Kingdom ‘has talent to build cyber workforce’

MANAMA: Bahrain’s talent pool from the student community as well as military and police agencies is key to building a skilled cybersecurity workforce, a top expert has said.

Anilkumar Jayaprakash, founder and president of Cyber Chasse, a US-based cybersecurity and artificial intelligence firm, told the GDN in an exclusive interview that the skills shortage in Bahrain and GCC countries can be tackled through a strategic approach.

“What is needed is a comprehensive cybersecurity training methodology aimed at creating opportunities for learners in Bahrain and GCC is in adherence with the changing cyber world. It should encompass courses on critical security controls, ethical hacking, network and wireless security and mobile security,” he said.

The firm is looking to launch operations in the region and has signed up as a sponsor for the Mena Royal Investment Summit 2021 being hosted in Bahrain next month.

Mr Jayaprakash said the company aims at exploring co-investment collaborations during the event and he was “looking forward to provide strategic cybersecurity solutions to governments and corporates in the region”.

Cyber Chasse is a provider of online and vendor-based industrial training in AI, data science and cybersecurity, and advanced eLearning and staffing solutions and has the ambition to help create a qualified cyber workforce, bridge the skills gap and protect Bahrain and GCC from emerging cyber threats.

According to recent reports, the GCC region has faced more than 56 million e-mail, URL, malware, and banking malware attacks since the start of the pandemic last year.

A survey by a Geneva-based application security firm found that 98 per cent of the top 100 global fintech start-ups are vulnerable to cyberattacks such as phishing, smartphone and web app security attacks.

The study concluded that 100pc of fintech providers face some level of security or privacy danger.

The expert has asserted that the Covid-19 pandemic has raised new challenges as businesses adapt to a modern operating model in which working from home has become the “new normal”.

In all sectors including IT, FMCG, education, services, health, manufacturing, etc., the pandemic has compelled companies to use technology to reimagine nearly every facet of their operations.

Analysis by global strategic consulting firm Kearney shows e-commerce in the GCC got a $2 billion-plus boost from Covid-19 alone and the continuing momentum will propel the market to a value of $50bn by 2025.

Mr Jayaprakash said this was further evidence of a new era of digital transformation in the region driven by wider technology investments.

“Businesses are speeding up their digital transformations, and cybersecurity has become a major concern.
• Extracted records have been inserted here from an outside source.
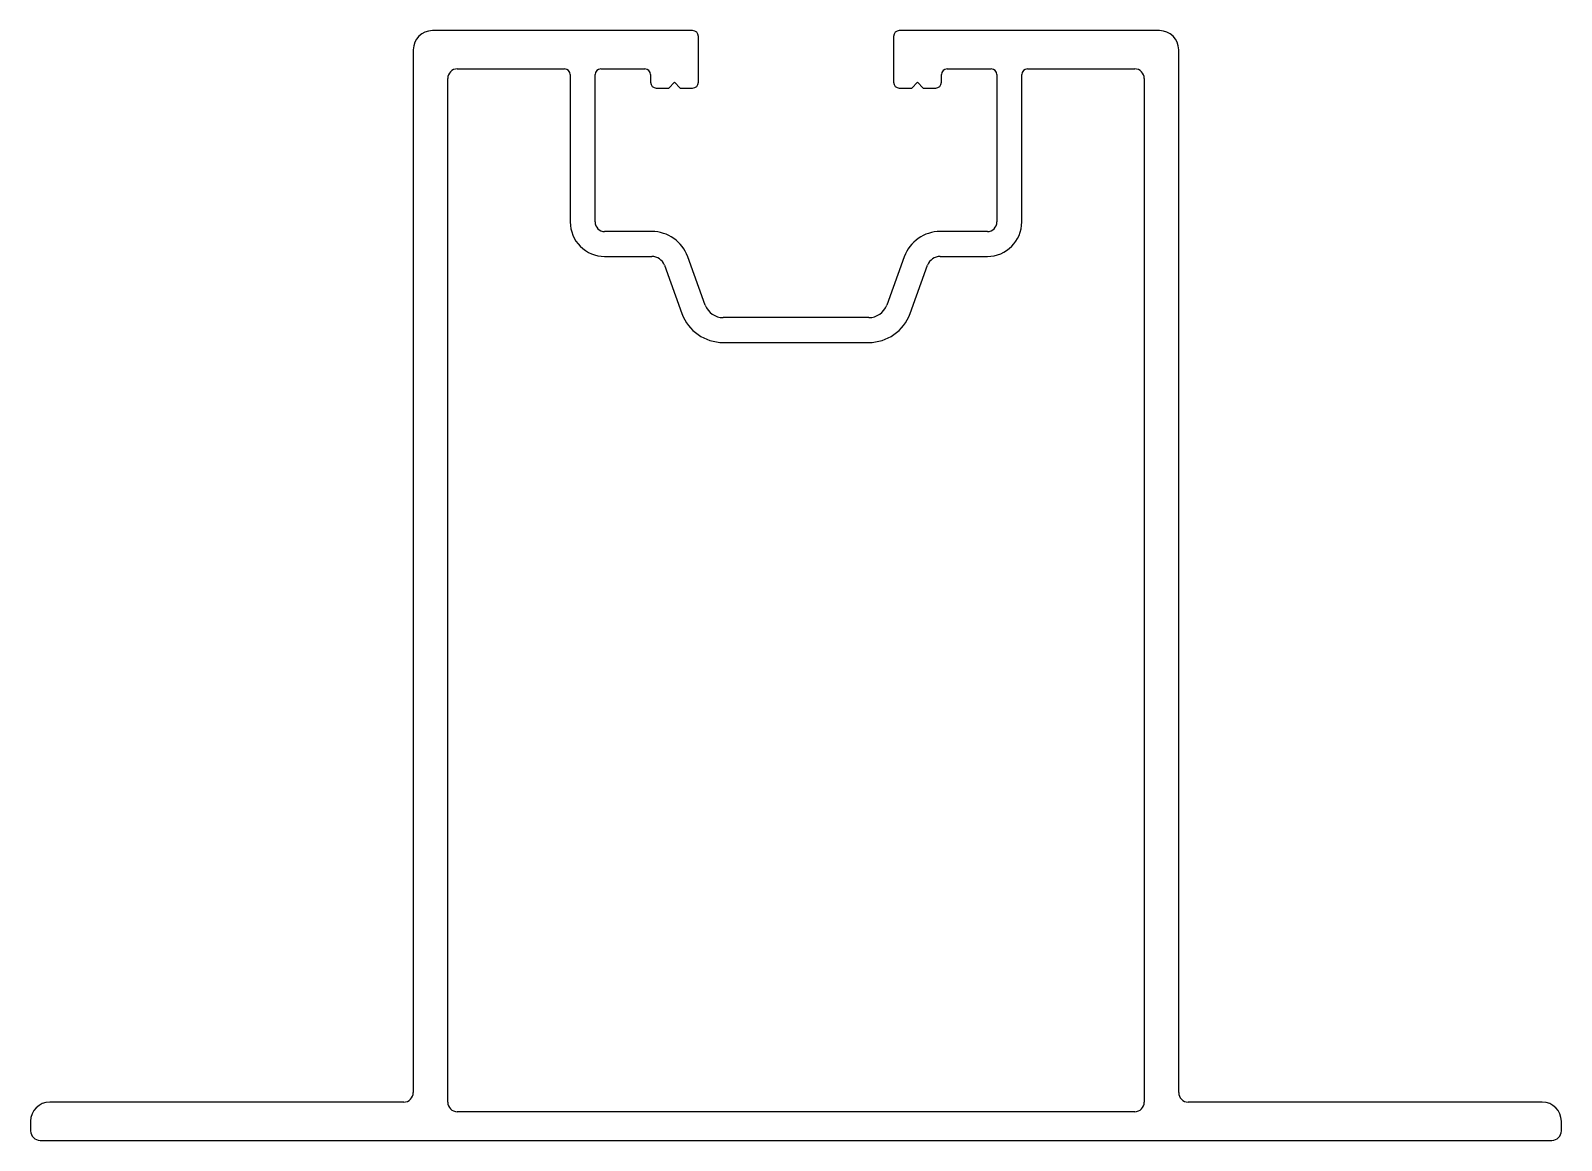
# Model space of a CAD drawing. Extents: x 2702.8 to 2782.8, y 1038.5 to 1096.5.
import ezdxf

# ---------------------------------------------------------------- set-up
doc = ezdxf.new("R2010")
doc.units = 0
doc.layers.get('0').update_dxf_attribs({"linetype": 'CONTINUOUS'})

msp = doc.modelspace()

# ---------------------------------------------------------------- linework, layer by layer
for p, q in [((2737.406, 1096.515), (2723.806, 1096.515)), ((2737.706, 1093.815), (2737.706, 1096.215)), ((2747.906, 1096.215), (2747.906, 1093.815)), ((2761.806, 1096.515), (2748.206, 1096.515)), ((2722.806, 1095.515), (2722.806, 1041.015)), ((2762.806, 1041.015), (2762.806, 1095.515)), ((2725.106, 1094.515), (2730.706, 1094.515)), ((2732.606, 1094.515), (2734.906, 1094.515)), ((2750.706, 1094.515), (2753.006, 1094.515)), ((2754.906, 1094.515), (2760.506, 1094.515)), ((2724.606, 1040.515), (2724.606, 1094.015)), ((2731.006, 1094.215), (2731.006, 1086.515)), ((2732.306, 1086.515), (2732.306, 1094.215)), ((2735.206, 1094.215), (2735.206, 1093.815)), ((2736.156, 1093.515), (2736.456, 1093.815)), ((2736.456, 1093.815), (2736.756, 1093.515)), ((2748.856, 1093.515), (2749.156, 1093.815)), ((2749.156, 1093.815), (2749.456, 1093.515)), ((2750.406, 1093.815), (2750.406, 1094.215)), ((2753.306, 1094.215), (2753.306, 1086.515)), ((2754.606, 1086.515), (2754.606, 1094.215)), ((2761.006, 1094.015), (2761.006, 1040.515)), ((2735.506, 1093.515), (2736.156, 1093.515)), ((2736.756, 1093.515), (2737.406, 1093.515)), ((2748.206, 1093.515), (2748.856, 1093.515)), ((2749.456, 1093.515), (2750.106, 1093.515)), ((2735.268, 1086.015), (2732.806, 1086.015)), ((2752.806, 1086.015), (2750.345, 1086.015)), ((2732.806, 1084.715), (2735.268, 1084.715)), ((2735.926, 1084.255), (2736.845, 1081.729)), ((2738.067, 1082.173), (2737.148, 1084.699)), ((2748.465, 1084.699), (2747.546, 1082.173)), ((2748.768, 1081.729), (2749.687, 1084.255)), ((2750.345, 1084.715), (2752.806, 1084.715)), ((2746.606, 1081.515), (2739.007, 1081.515)), ((2739.007, 1080.215), (2746.606, 1080.215)), ((2722.306, 1040.515), (2703.806, 1040.515)), ((2760.506, 1040.015), (2725.106, 1040.015)), ((2781.806, 1040.515), (2763.306, 1040.515)), ((2702.806, 1039.515), (2702.806, 1039.015)), ((2782.806, 1039.015), (2782.806, 1039.515)), ((2703.306, 1038.515), (2782.306, 1038.515))]:
    msp.add_line(p, q)
for centre, radius, start, end in [((2723.806, 1095.515), 1, 90, 180), ((2737.406, 1096.215), 0.3, 0, 90), ((2748.206, 1096.215), 0.3, 90, 180), ((2761.806, 1095.515), 1, 0, 90), ((2725.106, 1094.015), 0.5, 90, 180), ((2730.706, 1094.215), 0.3, 0, 90), ((2732.606, 1094.215), 0.3, 90, 180), ((2734.906, 1094.215), 0.3, 0, 90), ((2750.706, 1094.215), 0.3, 90, 180), ((2753.006, 1094.215), 0.3, 0, 90), ((2754.906, 1094.215), 0.3, 90, 180), ((2760.506, 1094.015), 0.5, 0, 90), ((2735.506, 1093.815), 0.3, 180.00001, 270), ((2737.406, 1093.815), 0.3, 270, 360), ((2748.206, 1093.815), 0.3, 180.00001, 270), ((2750.106, 1093.815), 0.3, 270, 360), ((2732.806, 1086.515), 1.8, 179.99999, 270), ((2732.806, 1086.515), 0.5, 180, 270), ((2752.806, 1086.515), 0.5, 270, 0), ((2752.806, 1086.515), 1.8, 270, 360), ((2735.268, 1084.015), 2, 20, 90), ((2750.345, 1084.015), 2, 90, 160), ((2735.268, 1084.015), 0.7, 20, 90), ((2750.345, 1084.015), 0.7, 90, 160), ((2739.007, 1082.515), 2.3, 200.00001, 270), ((2739.007, 1082.515), 1, 200.00001, 270), ((2746.606, 1082.515), 1, 270, 340), ((2746.606, 1082.515), 2.3, 270, 340), ((2722.306, 1041.015), 0.5, 270, 0), ((2763.306, 1041.015), 0.5, 180, 270), ((2703.806, 1039.515), 1, 90, 180), ((2725.106, 1040.515), 0.5, 180, 270), ((2760.506, 1040.515), 0.5, 270, 0), ((2781.806, 1039.515), 1, 0, 90), ((2703.306, 1039.015), 0.5, 180, 270), ((2782.306, 1039.015), 0.5, 270, 0)]:
    msp.add_arc(centre, radius, start, end)

doc.saveas('drawing.dxf')
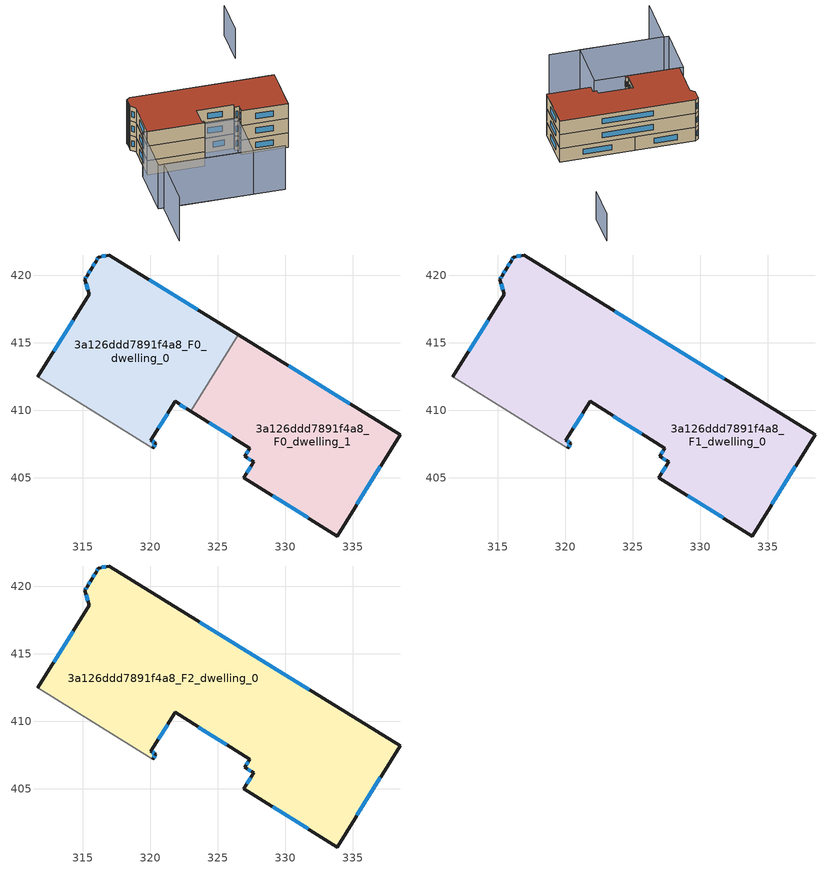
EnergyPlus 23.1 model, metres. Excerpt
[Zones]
3a126ddd7891f4a8_F0_dwelling_0
 floor ground (EU_floor_Construction): 326.5,415.58 323,409.91 321.83,410.64 320.04,407.78 320.4,407.56 320.16,407.17 311.66,412.47 315.47,418.58 315.14,419.7 315.31,419.96 315.64,420.5 315.97,421.04 316.15,421.34 316.94,421.5 z0
 wall outside (EU_wall_Construction): 326.5,415.58 316.94,421.5 316.15,421.34 315.97,421.04 315.64,420.5 315.31,419.96 315.14,419.7 315.47,418.58 311.66,412.47 / 320.16,407.17 320.4,407.56 320.04,407.78 321.83,410.64 323,409.91 z0:3
 wall adiabatic (EU_wall_Construction): 311.66,412.47 320.16,407.17 z0:3
 wall to 3a126ddd7891f4a8_F0_dwelling_1 (EU_wall_Construction): 323,409.91 326.5,415.58 z0:3
 window (EU_Window_Construction): 316.09,421.24 316.03,421.13 / 316.69,421.45 316.39,421.39 / 323.52,417.43 319.92,419.65 / 322.19,410.41 322.63,410.14 / 320.6,408.67 321.27,409.75 / 320.29,407.62 320.15,407.71 / 320.23,407.29 320.32,407.44 / 314.28,416.68 312.85,414.37 / 315.24,419.35 315.37,418.93 / 315.25,419.88 315.19,419.78 / 315.53,420.34 315.41,420.13 / 315.87,420.88 315.74,420.67 z0.93:2.07
3a126ddd7891f4a8_F0_dwelling_1
 floor ground (EU_floor_Construction): 338.5,408.17 333.84,400.67 326.92,404.98 327.66,406.17 327,406.58 327.38,407.19 323,409.91 326.5,415.58 z0
 wall outside (EU_wall_Construction): 323,409.91 327.38,407.19 327,406.58 327.66,406.17 326.92,404.98 333.84,400.67 338.5,408.17 326.5,415.58 z0:3
 window (EU_Window_Construction): 327.43,405.8 327.15,405.35 / 327.2,406.45 327.45,406.3 / 327.26,407 327.12,406.77 / 324.36,409.06 326.01,408.04 / 334.76,410.48 330.24,413.27 / 335.29,403.01 337.05,405.83 / 329.07,403.64 331.68,402.02 z0.93:2.07
3a126ddd7891f4a8_F1_dwelling_0
 floor to 3a126ddd7891f4a8_F0_dwelling_0 (EU_floor_Construction): 326.5,415.58 323,409.91 321.83,410.64 320.04,407.78 320.4,407.56 320.16,407.17 311.66,412.47 315.47,418.58 315.14,419.7 315.3,419.96 315.64,420.5 315.97,421.04 316.15,421.34 316.94,421.5 z3
 floor to 3a126ddd7891f4a8_F0_dwelling_1 (EU_floor_Construction): 338.5,408.17 333.84,400.67 326.92,404.98 327.66,406.17 327,406.58 327.38,407.19 323,409.91 326.5,415.58 z3
 wall outside (EU_wall_Construction): 320.16,407.17 320.4,407.56 320.04,407.78 321.83,410.64 327.38,407.19 327,406.58 327.66,406.17 326.92,404.98 333.84,400.67 338.5,408.17 316.94,421.5 316.15,421.34 315.97,421.04 315.64,420.5 315.31,419.96 315.14,419.7 315.47,418.58 311.66,412.47 z3:6
 wall adiabatic (EU_wall_Construction): 311.66,412.47 320.16,407.17 z3:6
 window (EU_Window_Construction): 316.09,421.24 316.03,421.13 / 316.69,421.45 316.39,421.39 / 331.78,412.32 323.66,417.34 / 335.29,403.01 337.05,405.83 / 329.07,403.64 331.68,402.02 / 327.43,405.8 327.15,405.35 / 327.2,406.45 327.45,406.3 / 327.26,407 327.12,406.77 / 323.56,409.56 325.65,408.26 / 320.6,408.67 321.27,409.75 / 320.29,407.62 320.15,407.71 / 320.23,407.29 320.32,407.44 / 314.28,416.68 312.85,414.37 / 315.24,419.35 315.37,418.93 / 315.25,419.88 315.19,419.78 / 315.53,420.34 315.41,420.13 / 315.87,420.88 315.74,420.67 z3.93:5.07
3a126ddd7891f4a8_F2_dwelling_0
 floor to 3a126ddd7891f4a8_F1_dwelling_0 (EU_floor_Construction): 338.5,408.17 333.84,400.67 326.92,404.98 327.66,406.17 327,406.58 327.38,407.19 321.83,410.64 320.04,407.78 320.4,407.56 320.16,407.17 311.66,412.47 315.47,418.58 315.14,419.7 315.3,419.96 315.64,420.5 315.97,421.04 316.15,421.34 316.94,421.5 z6
 wall outside (EU_wall_Construction): 320.16,407.17 320.4,407.56 320.04,407.78 321.83,410.64 327.38,407.19 327,406.58 327.66,406.17 326.92,404.98 333.84,400.67 338.5,408.17 316.94,421.5 316.15,421.34 315.97,421.04 315.64,420.5 315.31,419.96 315.14,419.7 315.47,418.58 311.66,412.47 z6:9
 wall adiabatic (EU_wall_Construction): 311.66,412.47 320.16,407.17 z6:9
 window (EU_Window_Construction): 316.09,421.24 316.03,421.13 / 316.69,421.45 316.39,421.39 / 331.78,412.32 323.66,417.34 / 335.29,403.01 337.05,405.83 / 329.07,403.64 331.68,402.02 / 327.43,405.8 327.15,405.35 / 327.2,406.45 327.45,406.3 / 327.26,407 327.12,406.77 / 323.56,409.56 325.65,408.26 / 320.6,408.67 321.27,409.75 / 320.29,407.62 320.15,407.71 / 320.23,407.29 320.32,407.44 / 314.28,416.68 312.85,414.37 / 315.24,419.35 315.37,418.93 / 315.25,419.88 315.19,419.78 / 315.53,420.34 315.41,420.13 / 315.87,420.88 315.74,420.67 z6.93:8.07
 roof outside (EU_roof_Construction): 333.84,400.67 338.5,408.17 316.94,421.5 316.15,421.34 315.97,421.04 315.64,420.5 315.31,419.96 315.14,419.7 315.47,418.58 311.66,412.47 320.16,407.17 320.4,407.56 320.04,407.78 321.83,410.64 327.38,407.19 327,406.58 327.66,406.17 326.92,404.98 z9
shading: 301.14,395.33 306.47,403.86 / 306.47,403.86 324.46,392.62 / 319.71,395.59 305.67,404.36 / 305.67,404.36 311,412.89 / 311,412.89 325.04,404.12 / 325.04,404.12 319.71,395.59 z0:9; 350.77,431.14 347.12,425.14 z0:6
[Building]
EU S2 Campaign: North Axis=0; Terrain=City; Solar Distribution=FullExterior
[Site:Location]
Montreal-Trudeau.Intl.AP: Latitude=45.4667; Longitude=-73.75; Time Zone=-5; Elevation=36
[SizingPeriod:WeatherFileDays]
AnnualSizingPeriod: Begin Month=1; Begin Day of Month=1; End Month=12; End Day of Month=31; Day of Week for Start Day=Monday; Use Weather File Daylight Saving Period=No; Use Weather File Rain and Snow Indicators=No
[MATERIAL]
EU_InternalMass_Material: Roughness=MediumRough; Thickness=0.1; Conductivity=1; Density=1800; Specific Heat=900; Thermal Absorptance=0.9; Solar Absorptance=0.7; Visible Absorptance=0.7
[MATERIAL:NOMASS] Roughness=MediumRough; Thermal Absorptance=0.9; Solar Absorptance=0.7; Visible Absorptance=0.7
Name | Thermal Resistance
EU_wall_NoMass; EU_floor_NoMass | 1.36485
EU_roof_NoMass | 2.55992
[WINDOWMATERIAL:SIMPLEGLAZINGSYSTEM]
EU_Window_SimpleGlazing: UFactor=3.92339; Solar Heat Gain Coefficient=0.8; Visible Transmittance=0.8
[CONSTRUCTION]
EU_wall_Construction: EU_wall_NoMass
EU_roof_Construction: EU_roof_NoMass
EU_floor_Construction: EU_floor_NoMass
EU_Window_Construction: EU_Window_SimpleGlazing
EU_InternalMass_Construction: EU_InternalMass_Material
[ZONE] Type=1; Multiplier=1; Ceiling Height=autocalculate; Floor Area=autocalculate; Part of Total Floor Area=Yes
Name | Volume
3a126ddd7891f4a8_F0_dwelling_0 | 336.313
3a126ddd7891f4a8_F1_dwelling_0; 3a126ddd7891f4a8_F2_dwelling_0 | 672.617
3a126ddd7891f4a8_F0_dwelling_1 | 336.321
[INTERNALMASS] Construction=EU_InternalMass_Construction
Name | Zone or ZoneList | Surface Area
3a126ddd7891f4a8_F0_dwelling_0_EU_InternalMass | 3a126ddd7891f4a8_F0_dwelling_0 | 112.105
3a126ddd7891f4a8_F0_dwelling_1_EU_InternalMass | 3a126ddd7891f4a8_F0_dwelling_1 | 112.107
3a126ddd7891f4a8_F1_dwelling_0_EU_InternalMass | 3a126ddd7891f4a8_F1_dwelling_0 | 224.206
3a126ddd7891f4a8_F2_dwelling_0_EU_InternalMass | 3a126ddd7891f4a8_F2_dwelling_0 | 224.206
[OTHEREQUIPMENT] Fuel Type=Electricity; Design Level Calculation Method=Watts/Area; Power per Zone Floor Area=1; Fraction Latent=0; Fraction Radiant=0; Fraction Lost=0; Carbon Dioxide Generation Rate=0; EndUse Subcategory=EU_Step8_InternalGains
Name | Zone or ZoneList or Space or SpaceList | Schedule
EU_Step8_InternalGain_3a126ddd7891f4a8_F0_dwelling_0_f000 | 3a126ddd7891f4a8_F0_dwelling_0 | EU_Step8_GainSchedule_3a126ddd7891f4a8_F0_dwelling_0_f000
EU_Step8_InternalGain_3a126ddd7891f4a8_F0_dwelling_1_f000 | 3a126ddd7891f4a8_F0_dwelling_1 | EU_Step8_GainSchedule_3a126ddd7891f4a8_F0_dwelling_1_f000
EU_Step8_InternalGain_3a126ddd7891f4a8_F1_dwelling_0_f000 | 3a126ddd7891f4a8_F1_dwelling_0 | EU_Step8_GainSchedule_3a126ddd7891f4a8_F1_dwelling_0_f000
EU_Step8_InternalGain_3a126ddd7891f4a8_F2_dwelling_0_f000 | 3a126ddd7891f4a8_F2_dwelling_0 | EU_Step8_GainSchedule_3a126ddd7891f4a8_F2_dwelling_0_f000
[ZONEVENTILATION:DESIGNFLOWRATE] Schedule=EU_AlwaysOn; Design Flow Rate Calculation Method=AirChanges/Hour; Air Changes per Hour=0.860309; Ventilation Type=Natural; Fan Pressure Rise=0; Fan Total Efficiency=1; Constant Term Coefficient=1; Temperature Term Coefficient=0; Velocity Term Coefficient=0; Velocity Squared Term Coefficient=0; Minimum Indoor Temperature=-100; Maximum Indoor Temperature=100; Delta Temperature=-100; Minimum Outdoor Temperature=-100; Maximum Outdoor Temperature=100; Maximum Wind Speed=40
Name | Zone or ZoneList or Space or SpaceList
EU_ConstantAir_3a126ddd7891f4a8_F0_dwelling_0 | 3a126ddd7891f4a8_F0_dwelling_0
EU_ConstantAir_3a126ddd7891f4a8_F0_dwelling_1 | 3a126ddd7891f4a8_F0_dwelling_1
EU_ConstantAir_3a126ddd7891f4a8_F1_dwelling_0 | 3a126ddd7891f4a8_F1_dwelling_0
EU_ConstantAir_3a126ddd7891f4a8_F2_dwelling_0 | 3a126ddd7891f4a8_F2_dwelling_0
[HVACTEMPLATE:THERMOSTAT] Constant Heating Setpoint=20; Constant Cooling Setpoint=50
EU_HeatOnly_3a126ddd7891f4a8_F0_dwelling_0; EU_HeatOnly_3a126ddd7891f4a8_F0_dwelling_1; EU_HeatOnly_3a126ddd7891f4a8_F1_dwelling_0; EU_HeatOnly_3a126ddd7891f4a8_F2_dwelling_0
[HVACTEMPLATE:ZONE:IDEALLOADSAIRSYSTEM] System Availability Schedule=EU_AlwaysOn; Maximum Heating Supply Air Temperature=50; Minimum Cooling Supply Air Temperature=13; Maximum Heating Supply Air Humidity Ratio=0.0156; Minimum Cooling Supply Air Humidity Ratio=0.0077; Heating Limit=NoLimit; Cooling Limit=NoLimit; Heating Availability Schedule=EU_AlwaysOn; Cooling Availability Schedule=EU_CoolingOff; Dehumidification Control Type=ConstantSensibleHeatRatio; Cooling Sensible Heat Ratio=0.7; Dehumidification Setpoint=60; Humidification Control Type=None; Humidification Setpoint=30; Outdoor Air Method=None; Outdoor Air Flow Rate per Person=0.00944; Outdoor Air Flow Rate per Zone Floor Area=0; Outdoor Air Flow Rate per Zone=0; Demand Controlled Ventilation Type=None; Outdoor Air Economizer Type=NoEconomizer; Heat Recovery Type=None; Sensible Heat Recovery Effectiveness=0.7; Latent Heat Recovery Effectiveness=0.65
Name | Template Thermostat
3a126ddd7891f4a8_F0_dwelling_0 | EU_HeatOnly_3a126ddd7891f4a8_F0_dwelling_0
3a126ddd7891f4a8_F0_dwelling_1 | EU_HeatOnly_3a126ddd7891f4a8_F0_dwelling_1
3a126ddd7891f4a8_F1_dwelling_0 | EU_HeatOnly_3a126ddd7891f4a8_F1_dwelling_0
3a126ddd7891f4a8_F2_dwelling_0 | EU_HeatOnly_3a126ddd7891f4a8_F2_dwelling_0
[SIZING:ZONE] Zone Cooling Design Supply Air Temperature Input Method=SupplyAirTemperature; Zone Cooling Design Supply Air Temperature=13; Zone Heating Design Supply Air Temperature Input Method=SupplyAirTemperature; Zone Heating Design Supply Air Temperature=50; Zone Cooling Design Supply Air Humidity Ratio=0.008; Zone Heating Design Supply Air Humidity Ratio=0.008; Cooling Design Air Flow Method=DesignDay; Cooling Design Air Flow Rate=0; Cooling Minimum Air Flow per Zone Floor Area=0.000762; Cooling Minimum Air Flow=0; Cooling Minimum Air Flow Fraction=0.2; Heating Design Air Flow Method=DesignDay; Heating Design Air Flow Rate=0; Heating Maximum Air Flow per Zone Floor Area=0.002032; Heating Maximum Air Flow=0.141576; Heating Maximum Air Flow Fraction=0.3; Account for Dedicated Outdoor Air System=No; Dedicated Outdoor Air System Control Strategy=NeutralSupplyAir; Dedicated Outdoor Air Low Setpoint Temperature for Design=autosize; Dedicated Outdoor Air High Setpoint Temperature for Design=autosize; Zone Load Sizing Method=Sensible Load Only No Latent Load; Zone Latent Cooling Design Supply Air Humidity Ratio Input Method=HumidityRatioDifference; Zone Cooling Design Supply Air Humidity Ratio Difference=0.005; Zone Latent Heating Design Supply Air Humidity Ratio Input Method=HumidityRatioDifference; Zone Humidification Design Supply Air Humidity Ratio Difference=0.005
3a126ddd7891f4a8_F0_dwelling_0; 3a126ddd7891f4a8_F0_dwelling_1; 3a126ddd7891f4a8_F1_dwelling_0; 3a126ddd7891f4a8_F2_dwelling_0
[SCHEDULE:CONSTANT]
Name | Hourly Value
EU_AlwaysOn | 1
EU_CoolingOff | 0
[SCHEDULE:FILE] Column Number=1; Rows to Skip at Top=0; Number of Hours of Data=8760; Column Separator=Comma; Interpolate to Timestep=No; Minutes per Item=60; Adjust Schedule for Daylight Savings=Yes
Name | File
EU_Step8_GainSchedule_3a126ddd7891f4a8_F0_dwelling_0_f000 | ../../schedules/3a126ddd7891f4a8/3a126ddd7891f4a8_F0_dwelling_0_f000_gain.csv
EU_Step8_GainSchedule_3a126ddd7891f4a8_F0_dwelling_1_f000 | ../../schedules/3a126ddd7891f4a8/3a126ddd7891f4a8_F0_dwelling_1_f000_gain.csv
EU_Step8_GainSchedule_3a126ddd7891f4a8_F1_dwelling_0_f000 | ../../schedules/3a126ddd7891f4a8/3a126ddd7891f4a8_F1_dwelling_0_f000_gain.csv
EU_Step8_GainSchedule_3a126ddd7891f4a8_F2_dwelling_0_f000 | ../../schedules/3a126ddd7891f4a8/3a126ddd7891f4a8_F2_dwelling_0_f000_gain.csv

Cybercriminals are looking for opportunities to ramp up their illegal activities by leveraging the outdated and inefficient data protection measures followed by several companies.”

Protecting consumer data has become more important than ever, warned Mr Jayaprakash, saying “exposing the customer base to potential threats will not only harm companies but also affect the industry’s overall adoption rate of future fintech solutions”.

Talking about fintech, in which Bahrain is a regional pioneer, he said as the technology evolves at a faster rate than regulatory reforms, many businesses regard enforcement regulations as a roadblock that makes it more difficult to reach key goals and deadlines.

“Most of the time this stumbling block is due to a lack of contact with regulators, rather than the regulatory system itself.

“Maintaining an open line of communication with regulators is one way to mitigate fintech security issues,” said Mr Jayaprakash, adding, “An open dialogue will reflect a desire to better integrate into the financial sector while also encouraging people to fine-tune their business objectives to meet current and existing fintech security requirements”.